» Activity: Keep only the lines of the data below that contain "point", and copy them.

··· Available data

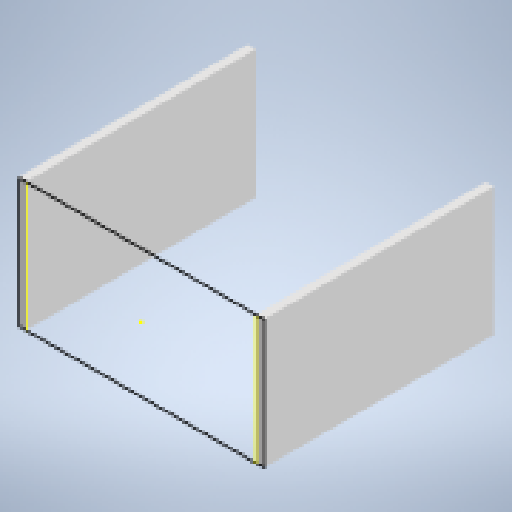
# Autodesk Inventor part: Empujador
Saved by Autodesk Inventor 2024 (Build 280153000, 153)
## iProperties
Created: 2025-03-07
Part Number: Empujador
Material: Genérico
Document SubType Name: Modeling
Designer: sergi
Density: 1 g/cm^3
Appearance: Valor por defecto
Author: sergi
Autodesk Inventor part; units mm, degrees
ref_plane "YZ Plane" through (0, 0, 0) normal (1, 0, 0) x (0, 1, 0)
ref_plane "XZ Plane" through (0, 0, 0) normal (0, 1, 0) x (-1, 0, 0)
ref_plane "XY Plane" through (0, 0, 0) normal (0, 0, 1) x (1, 0, 0)
sketch "Boceto1" plane through (0, 0, 0) normal (0, 0, 1) x (1, 0, 0)
  circle A0 centre (31.4, 31.4) radius 1.6 projected
  circle A1 centre (31.4, -31.4) radius 1.6 projected
  circle A2 centre (-31.4, -31.4) radius 1.6 projected
  circle A3 centre (-31.4, 31.4) radius 1.6 projected
  line L0 (-36.5, 28.5) -> (-36.5, 7) projected
  line L1 (-36.5, 7) -> (-39.5, 7) projected
  line L2 (-39.5, 7) -> (-39.5, -8) projected
  line L3 (-36.5, -8) -> (-39.5, -8) projected
  line L4 (-36.5, -8) -> (-36.5, -28.5) projected
  line L5 (-36.5, -28.5) -> (-44.5, -28.5) projected
  line L6 (-44.5, -26.6905) -> (-44.5, -28.5) projected
  line L7 (-44.5, -26.6905) -> (-47.5, -26.6905) projected
  line L8 (-47.5, -26.6905) -> (-47.5, -38.3095) projected
  line L9 (-44.5, -38.3095) -> (-47.5, -38.3095) projected
  line L10 (-44.5, -36.5) -> (-44.5, -38.3095) projected
  line L11 (44.5, -36.5) -> (-44.5, -36.5) projected
  line L12 (44.5, -36.5) -> (44.5, -38.3095) projected
  line L13 (44.5, -38.3095) -> (47.5, -38.3095) projected
  line L14 (47.5, -26.6905) -> (47.5, -38.3095) projected
  line L15 (44.5, -26.6905) -> (47.5, -26.6905) projected
  line L16 (44.5, -26.6905) -> (44.5, -28.5) projected
  line L17 (36.5, -28.5) -> (44.5, -28.5) projected
  line L18 (36.5, -28.5) -> (36.5, -8) projected
  line L19 (36.5, -8) -> (39.5, -8) projected
  line L20 (39.5, 7) -> (39.5, -8) projected
  line L21 (36.5, 7) -> (39.5, 7) projected
  line L22 (36.5, 7) -> (36.5, 28.5) projected
  line L23 (36.5, 28.5) -> (44.5, 28.5) projected
  line L24 (44.5, 26.6905) -> (44.5, 28.5) projected
  line L25 (44.5, 26.6905) -> (47.5, 26.6905) projected
  line L26 (47.5, 26.6905) -> (47.5, 38.3095) projected
  line L27 (44.5, 38.3095) -> (47.5, 38.3095) projected
  line L28 (44.5, 36.5) -> (44.5, 38.3095) projected
  line L29 (-44.5, 36.5) -> (44.5, 36.5) projected
  line L30 (-44.5, 36.5) -> (-44.5, 38.3095) projected
  line L31 (-44.5, 38.3095) -> (-47.5, 38.3095) projected
  line L32 (-47.5, 26.6905) -> (-47.5, 38.3095) projected
  line L33 (-44.5, 26.6905) -> (-47.5, 26.6905) projected
  line L34 (-44.5, 26.6905) -> (-44.5, 28.5) projected
  line L35 (-36.5, 28.5) -> (-44.5, 28.5) projected
  arc A4 (-24.3254, -32) -> (-32, -24.3254) centre (-31.4, -31.4) ccw projected
  line L36 (-24.3254, -32) -> (24.3254, -32) projected
  arc A5 (32, -24.3254) -> (24.3254, -32) centre (31.4, -31.4) ccw projected
  line L37 (32, -24.3254) -> (32, -21) projected
  line L38 (32, -21) -> (42, -21) projected
  line L39 (42, -23.2697) -> (42, -21) projected
  line L40 (42, -23.2697) -> (45, -23.2697) projected
  line L41 (45, -23.2697) -> (45, -13.7303) projected
  line L42 (42, -13.7303) -> (45, -13.7303) projected
  line L43 (42, -16) -> (42, -13.7303) projected
  line L44 (32, -16) -> (42, -16) projected
  line L45 (32, -16) -> (32, 16) projected
  line L46 (32, 16) -> (42, 16) projected
  line L47 (42, 16) -> (42, 13.7303) projected
  line L48 (42, 13.7303) -> (45, 13.7303) projected
  line L49 (45, 23.2697) -> (45, 13.7303) projected
  line L50 (42, 23.2697) -> (45, 23.2697) projected
  line L51 (42, 23.2697) -> (42, 21) projected
  line L52 (32, 21) -> (42, 21) projected
  line L53 (32, 21) -> (32, 24.3254) projected
  arc A6 (24.3254, 32) -> (32, 24.3254) centre (31.4, 31.4) ccw projected
  line L54 (24.3254, 32) -> (-24.3254, 32) projected
  arc A7 (-32, 24.3254) -> (-24.3254, 32) centre (-31.4, 31.4) ccw projected
  line L55 (-32, 24.3254) -> (-32, 21) projected
  line L56 (-32, 21) -> (-42, 21) projected
  line L57 (-42, 23.2697) -> (-42, 21) projected
  line L58 (-42, 23.2697) -> (-45, 23.2697) projected
  line L59 (-45, 23.2697) -> (-45, 13.7303) projected
  line L60 (-42, 13.7303) -> (-45, 13.7303) projected
  line L61 (-42, 16) -> (-42, 13.7303) projected
  line L62 (-32, 16) -> (-42, 16) projected
  line L63 (-32, 16) -> (-32, -16) projected
  line L64 (-32, -16) -> (-42, -16) projected
  line L65 (-42, -16) -> (-42, -13.7303) projected
  line L66 (-42, -13.7303) -> (-45, -13.7303) projected
  line L67 (-45, -23.2697) -> (-45, -13.7303) projected
  line L68 (-42, -23.2697) -> (-45, -23.2697) projected
  line L69 (-42, -23.2697) -> (-42, -21) projected
  line L70 (-32, -21) -> (-42, -21) projected
  line L71 (-32, -21) -> (-32, -24.3254) projected
  line L72 (-42, -23.5) -> (-45, -23.5)
  line L73 (-45, 23.5) -> (-42, 23.5)
  line L74 (-45, 23.5) -> (-42, 23.5)
  line L75 (-42, 23.5) -> (-42, -23.5)
  line L76 (-42, -23.5) -> (-45, -23.5)
  line L77 (-45, -23.5) -> (-45, 23.5)
  line L78 (42, 23.5) -> (45, 23.5)
  line L79 (45, -23.5) -> (42, -23.5)
  line L80 (42, -23.5) -> (45, -23.5)
  line L81 (45, -23.5) -> (45, 23.5)
  line L82 (45, 23.5) -> (42, 23.5)
  line L83 (42, 23.5) -> (42, -23.5)
  point P0 (0, 0)
  point P1 (-45, -23.5)
  dimension "d0" = 3
  dimension "d1" = 47
  constraints: 24 end point, 4 parallel, 2 horizontal, 2 perpendicular, 12 other
  measures "d0" distance of L75.end L76.end
  measures "d1" distance of L74.end L75.end
ref_plane "Plano de trabajo1" through (-36.5, -36.5, -84) normal (0, 0, -1) x (0.0000001, 1, 0)
extrude "Extrusión1" add sketch "Boceto1" against normal up to surface (84 mm away) contours L75 L61 L60 L59 L58 L57 | L58 L77 L73 L75 | L75 L66 L77 L60 | L65 L75 L69 L68 L67 L66 | L68 L75 L72 L77 | L51 L50 L49 L48 L47 L83 | L83 L78 L81 L50 | L48 L81 L42 L83 | L42 L41 L40 L39 L83 L43 | L81 L79 L83 L40
sketch "Boceto3" plane through (0, 0, 0) normal (0, 0, 1) x (1, 0, 0)
  line L0 (-42, -23.5) -> (-42, 23.5) projected
  line L1 (-42, 23.5) -> (-45, 23.5) projected
  line L2 (-45, 23.5) -> (-45, -23.5) projected
  line L3 (-45, -23.5) -> (-42, -23.5) projected
  line L4 (42, -23.5) -> (45, -23.5) projected
  line L5 (45, -23.5) -> (45, 23.5) projected
  line L6 (45, 23.5) -> (42, 23.5) projected
  line L7 (42, 23.5) -> (42, -23.5) projected
  line L8 (-45, -23.5) -> (45, -23.5)
  line L9 (45, -23.5) -> (45, 23.5)
  line L10 (45, 23.5) -> (-45, 23.5)
  line L11 (-45, 23.5) -> (-45, -23.5)
  point P0 (0, 0)
  constraints: 8 end point, 2 parallel, 1 horizontal, 1 perpendicular

······

» Solved exercise:
  point P0 (0, 0)
  point P1 (-45, -23.5)
  constraints: 24 end point, 4 parallel, 2 horizontal, 2 perpendicular, 12 other
  point P0 (0, 0)
  constraints: 8 end point, 2 parallel, 1 horizontal, 1 perpendicular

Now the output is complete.